Taken: Under civil forfeiture, Americans who haven’t been charged with wrongdoing can be stripped of their cash, cars, and even homes - Is that all we’re losing?, by Sarah Stillman. The New Yorker, August 12, 2013.
Whether this should be the law—whether, in the absence of a judicial finding of guilt, the state should be able to take possession of your property—has been debated since before American independence. In the Colonial period, the English Crown issued “writs of assistance” that permitted customs officials to enter homes or vessels and seize whatever they deemed contraband. As the legal scholars Eric Blumenson and Eva Nilsen have noted, these writs were “among the key grievances that triggered the American Revolution.” The new nation’s Bill of Rights would expressly forbid “unreasonable searches and seizures” and promise that no one would be deprived of “life, liberty, or property, without due process.” Nonetheless, Congress soon authorized the use of civil-forfeiture actions against pirates and smugglers. It was easier to prosecute a vessel and seize its cargo than to try to prosecute its owner, who might be an ocean away. In the ensuing decades, the practice fell into disuse and, aside from a few brief revivals, remained mostly dormant for the next two centuries.

Forfeiture in its modern form began with federal statutes enacted in the nineteen-seventies and aimed not at waitresses and janitors but at organized-crime bosses and drug lords. Law-enforcement officers were empowered to seize money and goods tied to the production of illegal drugs. Later amendments allowed the seizure of anything thought to have been purchased with tainted funds, whether or not it was connected to the commission of a crime. Even then, forfeiture remained an infrequent resort until 1984, when Congress passed the Comprehensive Crime Control Act. It established a special fund that turned over proceeds from forfeitures to the law-enforcement agencies responsible for them. Local police who provided federal assistance were rewarded with a large percentage of the proceeds, through a program called Equitable Sharing. Soon states were crafting their own forfeiture laws.

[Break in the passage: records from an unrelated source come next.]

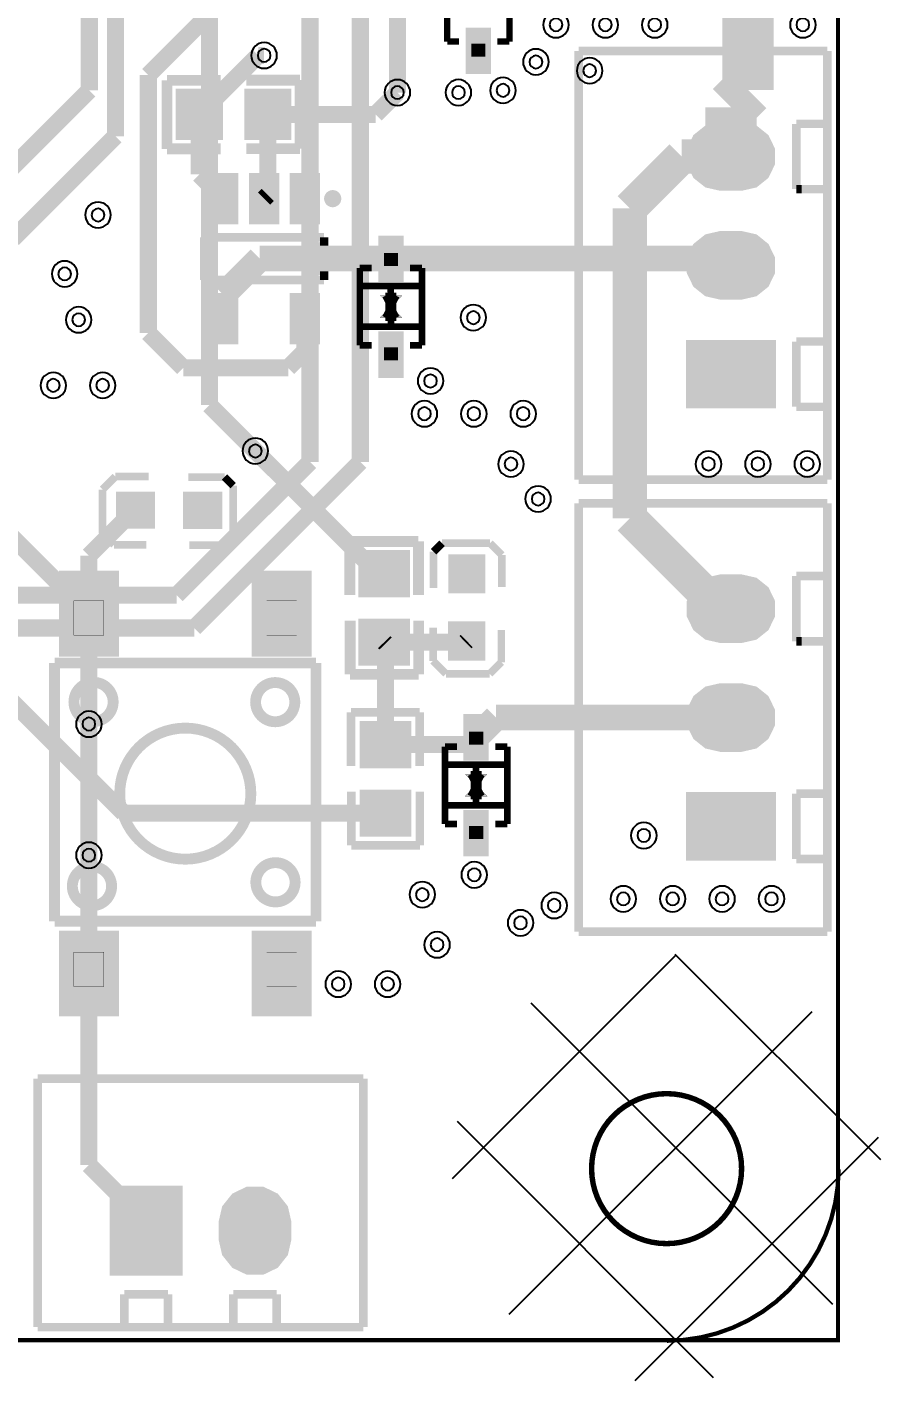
# Model space of a CAD drawing. Header units: millimetres. Extents: x 0 to 135, y -1 to 106.
# Drawn here: x 115.08 to 135, y -1 to 30.64 of the extents above; entities that cross this region are included whole.
import ezdxf

# ---------------------------------------------------------------- set-up
doc = ezdxf.new("R2010")
doc.units = ezdxf.units.MM
doc.header["$MEASUREMENT"] = 0
for name, color, linetype, true_color in [('Board-Outline-Layer', 7, 'Continuous', 0xff00ff), ('Bottom-Layer', 7, 'Continuous', 0x0000ff), ('Bottom-Paste-Mask-Layer', 7, 'Continuous', 0x800000), ('Bottom-Solder-Mask-Layer', 7, 'Continuous', 0xaa00ff), ('Document-Layer', 7, 'Continuous', 0x6464ff), ('Hole-Layer', 7, 'Continuous', 0x222222), ('Multi-Layer', 7, 'Continuous', 0xc0c0c0), ('Pin-Soldering-Layer', 7, 'Continuous', 0xcc9999), ('Top-Layer', 7, 'Continuous', 0xff0000), ('Top-Paste-Mask-Layer', 7, 'Continuous', 0x808080), ('Top-Silkscreen-Layer', 7, 'Continuous', 0xffcc00), ('Top-Solder-Mask-Layer', 7, 'Continuous', 0x800080)]:
    doc.layers.add(name, color=color, linetype=linetype, true_color=true_color)

msp = doc.modelspace()

# ---------------------------------------------------------------- hatches: boundary and pattern name
at = {"layer": 'Bottom-Layer'}
for points in [[(131.751, 28.372), (132.077, 28.298), (132.338, 28.09), (132.482, 27.789), (132.482, 27.455), (132.338, 27.154), (132.077, 26.946), (131.751, 26.872), (131.251, 26.872), (130.926, 26.946), (130.665, 27.154), (130.52, 27.455), (130.52, 27.789), (130.665, 28.09), (130.926, 28.298), (131.251, 28.372)], [(131.751, 25.832), (132.077, 25.758), (132.338, 25.55), (132.482, 25.249), (132.482, 24.915), (132.338, 24.614), (132.077, 24.406), (131.751, 24.332), (131.251, 24.332), (130.926, 24.406), (130.665, 24.614), (130.52, 24.915), (130.52, 25.249), (130.665, 25.55), (130.926, 25.758), (131.251, 25.832)], [(132.501, 21.792), (130.501, 21.792), (130.501, 23.292), (132.501, 23.292)], [(131.751, 17.818), (132.077, 17.744), (132.338, 17.536), (132.482, 17.235), (132.482, 16.901), (132.338, 16.601), (132.077, 16.392), (131.751, 16.318), (131.251, 16.318), (130.926, 16.392), (130.665, 16.601), (130.52, 16.901), (130.52, 17.235), (130.665, 17.536), (130.926, 17.744), (131.251, 17.818)], [(131.751, 15.278), (132.077, 15.204), (132.338, 14.996), (132.482, 14.695), (132.482, 14.361), (132.338, 14.061), (132.077, 13.852), (131.751, 13.778), (131.251, 13.778), (130.926, 13.852), (130.665, 14.061), (130.52, 14.361), (130.52, 14.695), (130.665, 14.996), (130.926, 15.204), (131.251, 15.278)], [(132.501, 11.238), (130.501, 11.238), (130.501, 12.738), (132.501, 12.738)], [(117.056, 1.551), (117.056, 3.551), (118.656, 3.551), (118.656, 1.551)], [(121.196, 2.351), (121.117, 2.004), (120.895, 1.726), (120.574, 1.571), (120.218, 1.571), (119.898, 1.726), (119.676, 2.004), (119.596, 2.351), (119.596, 2.751), (119.676, 3.098), (119.898, 3.377), (120.218, 3.531), (120.574, 3.531), (120.895, 3.377), (121.117, 3.098), (121.196, 2.751)]]:
    msp.add_hatch(color=256, dxfattribs=at).paths.add_polyline_path(points)
at = {"layer": 'Bottom-Paste-Mask-Layer'}
for points in [[(131.751, 28.372), (132.077, 28.298), (132.338, 28.09), (132.482, 27.789), (132.482, 27.455), (132.338, 27.154), (132.077, 26.946), (131.751, 26.872), (131.251, 26.872), (130.926, 26.946), (130.665, 27.154), (130.52, 27.455), (130.52, 27.789), (130.665, 28.09), (130.926, 28.298), (131.251, 28.372)], [(131.751, 25.832), (132.077, 25.758), (132.338, 25.55), (132.482, 25.249), (132.482, 24.915), (132.338, 24.614), (132.077, 24.406), (131.751, 24.332), (131.251, 24.332), (130.926, 24.406), (130.665, 24.614), (130.52, 24.915), (130.52, 25.249), (130.665, 25.55), (130.926, 25.758), (131.251, 25.832)], [(132.501, 21.792), (130.501, 21.792), (130.501, 23.292), (132.501, 23.292)], [(131.751, 17.818), (132.077, 17.744), (132.338, 17.536), (132.482, 17.235), (132.482, 16.901), (132.338, 16.601), (132.077, 16.392), (131.751, 16.318), (131.251, 16.318), (130.926, 16.392), (130.665, 16.601), (130.52, 16.901), (130.52, 17.235), (130.665, 17.536), (130.926, 17.744), (131.251, 17.818)], [(131.751, 15.278), (132.077, 15.204), (132.338, 14.996), (132.482, 14.695), (132.482, 14.361), (132.338, 14.061), (132.077, 13.852), (131.751, 13.778), (131.251, 13.778), (130.926, 13.852), (130.665, 14.061), (130.52, 14.361), (130.52, 14.695), (130.665, 14.996), (130.926, 15.204), (131.251, 15.278)], [(132.501, 11.238), (130.501, 11.238), (130.501, 12.738), (132.501, 12.738)], [(117.056, 1.551), (117.056, 3.551), (118.656, 3.551), (118.656, 1.551)], [(121.196, 2.351), (121.117, 2.004), (120.895, 1.726), (120.574, 1.571), (120.218, 1.571), (119.898, 1.726), (119.676, 2.004), (119.596, 2.351), (119.596, 2.751), (119.676, 3.098), (119.898, 3.377), (120.218, 3.531), (120.574, 3.531), (120.895, 3.377), (121.117, 3.098), (121.196, 2.751)]]:
    msp.add_hatch(color=256, dxfattribs=at).paths.add_polyline_path(points)
at = {"layer": 'Bottom-Solder-Mask-Layer'}
for points in [[(131.751, 28.423), (132.099, 28.344), (132.377, 28.122), (132.532, 27.8), (132.532, 27.444), (132.377, 27.123), (132.099, 26.9), (131.751, 26.821), (131.251, 26.821), (130.904, 26.9), (130.625, 27.123), (130.47, 27.444), (130.47, 27.8), (130.625, 28.122), (130.904, 28.344), (131.251, 28.423)], [(131.751, 25.883), (132.099, 25.804), (132.377, 25.581), (132.532, 25.26), (132.532, 24.904), (132.377, 24.583), (132.099, 24.36), (131.751, 24.281), (131.251, 24.281), (130.904, 24.36), (130.625, 24.583), (130.47, 24.904), (130.47, 25.26), (130.625, 25.581), (130.904, 25.804), (131.251, 25.883)], [(132.552, 21.741), (130.45, 21.741), (130.45, 23.343), (132.552, 23.343)], [(131.751, 17.869), (132.099, 17.79), (132.377, 17.568), (132.532, 17.246), (132.532, 16.89), (132.377, 16.569), (132.099, 16.346), (131.751, 16.267), (131.251, 16.267), (130.904, 16.346), (130.625, 16.569), (130.47, 16.89), (130.47, 17.246), (130.625, 17.568), (130.904, 17.79), (131.251, 17.869)], [(131.751, 15.329), (132.099, 15.25), (132.377, 15.028), (132.532, 14.706), (132.532, 14.35), (132.377, 14.029), (132.099, 13.806), (131.751, 13.727), (131.251, 13.727), (130.904, 13.806), (130.625, 14.029), (130.47, 14.35), (130.47, 14.706), (130.625, 15.028), (130.904, 15.25), (131.251, 15.329)], [(132.552, 11.187), (130.45, 11.187), (130.45, 12.789), (132.552, 12.789)], [(117.005, 1.5), (117.005, 3.602), (118.707, 3.602), (118.707, 1.5)], [(121.247, 2.351), (121.163, 1.982), (120.927, 1.686), (120.586, 1.522), (120.207, 1.522), (119.866, 1.686), (119.63, 1.982), (119.545, 2.351), (119.545, 2.751), (119.63, 3.121), (119.866, 3.417), (120.207, 3.581), (120.586, 3.581), (120.927, 3.417), (121.163, 3.121), (121.247, 2.751)]]:
    msp.add_hatch(color=256, dxfattribs=at).paths.add_polyline_path(points)
at = {"layer": 'Document-Layer'}
for points in [[(123.821, 24.37), (123.313, 24.37), (123.567, 24.116)], [(123.313, 23.862), (123.821, 23.862), (123.567, 24.116)], [(125.81, 13.201), (125.302, 13.201), (125.556, 12.947)], [(125.302, 12.693), (125.81, 12.693), (125.556, 12.947)]]:
    msp.add_hatch(color=256, dxfattribs=at).paths.add_polyline_path(points)
at = {"layer": 'Hole-Layer'}
for points in [[(131.051, 27.622, 1), (131.951, 27.622, 1)], [(131.051, 25.082, 1), (131.951, 25.082, 1)], [(131.051, 22.542, 1), (131.951, 22.542, 1)], [(131.051, 17.068, 1), (131.951, 17.068, 1)], [(131.051, 14.528, 1), (131.951, 14.528, 1)], [(131.051, 11.988, 1), (131.951, 11.988, 1)], [(117.406, 2.551, 1), (118.306, 2.551, 1)], [(119.946, 2.551, 1), (120.846, 2.551, 1)]]:
    msp.add_hatch(color=256, dxfattribs=at).paths.add_polyline_path(points)
at = {"layer": 'Multi-Layer'}
for points in [[(131.751, 28.372), (132.077, 28.298), (132.338, 28.09), (132.482, 27.789), (132.482, 27.455), (132.338, 27.154), (132.077, 26.946), (131.751, 26.872), (131.251, 26.872), (130.926, 26.946), (130.665, 27.154), (130.52, 27.455), (130.52, 27.789), (130.665, 28.09), (130.926, 28.298), (131.251, 28.372)], [(131.751, 28.372), (132.077, 28.298), (132.338, 28.09), (132.482, 27.789), (132.482, 27.455), (132.338, 27.154), (132.077, 26.946), (131.751, 26.872), (131.251, 26.872), (130.926, 26.946), (130.665, 27.154), (130.52, 27.455), (130.52, 27.789), (130.665, 28.09), (130.926, 28.298), (131.251, 28.372)], [(131.751, 28.372), (132.077, 28.298), (132.338, 28.09), (132.482, 27.789), (132.482, 27.455), (132.338, 27.154), (132.077, 26.946), (131.751, 26.872), (131.251, 26.872), (130.926, 26.946), (130.665, 27.154), (130.52, 27.455), (130.52, 27.789), (130.665, 28.09), (130.926, 28.298), (131.251, 28.372)], [(131.751, 25.832), (132.077, 25.758), (132.338, 25.55), (132.482, 25.249), (132.482, 24.915), (132.338, 24.614), (132.077, 24.406), (131.751, 24.332), (131.251, 24.332), (130.926, 24.406), (130.665, 24.614), (130.52, 24.915), (130.52, 25.249), (130.665, 25.55), (130.926, 25.758), (131.251, 25.832)], [(131.751, 25.832), (132.077, 25.758), (132.338, 25.55), (132.482, 25.249), (132.482, 24.915), (132.338, 24.614), (132.077, 24.406), (131.751, 24.332), (131.251, 24.332), (130.926, 24.406), (130.665, 24.614), (130.52, 24.915), (130.52, 25.249), (130.665, 25.55), (130.926, 25.758), (131.251, 25.832)], [(131.751, 25.832), (132.077, 25.758), (132.338, 25.55), (132.482, 25.249), (132.482, 24.915), (132.338, 24.614), (132.077, 24.406), (131.751, 24.332), (131.251, 24.332), (130.926, 24.406), (130.665, 24.614), (130.52, 24.915), (130.52, 25.249), (130.665, 25.55), (130.926, 25.758), (131.251, 25.832)], [(132.501, 21.792), (130.501, 21.792), (130.501, 23.292), (132.501, 23.292)], [(132.501, 21.792), (130.501, 21.792), (130.501, 23.292), (132.501, 23.292)], [(132.501, 21.792), (130.501, 21.792), (130.501, 23.292), (132.501, 23.292)], [(131.751, 17.818), (132.077, 17.744), (132.338, 17.536), (132.482, 17.235), (132.482, 16.901), (132.338, 16.601), (132.077, 16.392), (131.751, 16.318), (131.251, 16.318), (130.926, 16.392), (130.665, 16.601), (130.52, 16.901), (130.52, 17.235), (130.665, 17.536), (130.926, 17.744), (131.251, 17.818)], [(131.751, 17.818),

Revenue gains were staggering. At the Justice Department, proceeds from forfeiture soared from twenty-seven million dollars in 1985 to five hundred and fifty-six million in 1993. (Last year, the department took in nearly $4.2 billion in forfeitures, a record.) The strategy helped reconcile President Reagan’s call for government action in fighting crime with his call to reduce public spending. In 1989, Attorney General Richard Thornburgh boasted, “It’s now possible for a drug dealer to serve time in a forfeiture-financed prison after being arrested by agents driving a forfeiture-provided automobile while working in a forfeiture-funded sting operation.”
A long, but important – if not infuriating – article on civil asset forfeiture. Asset forfeiture has gone from being an important law enforcement tool to an important revenue stream for law enforcement.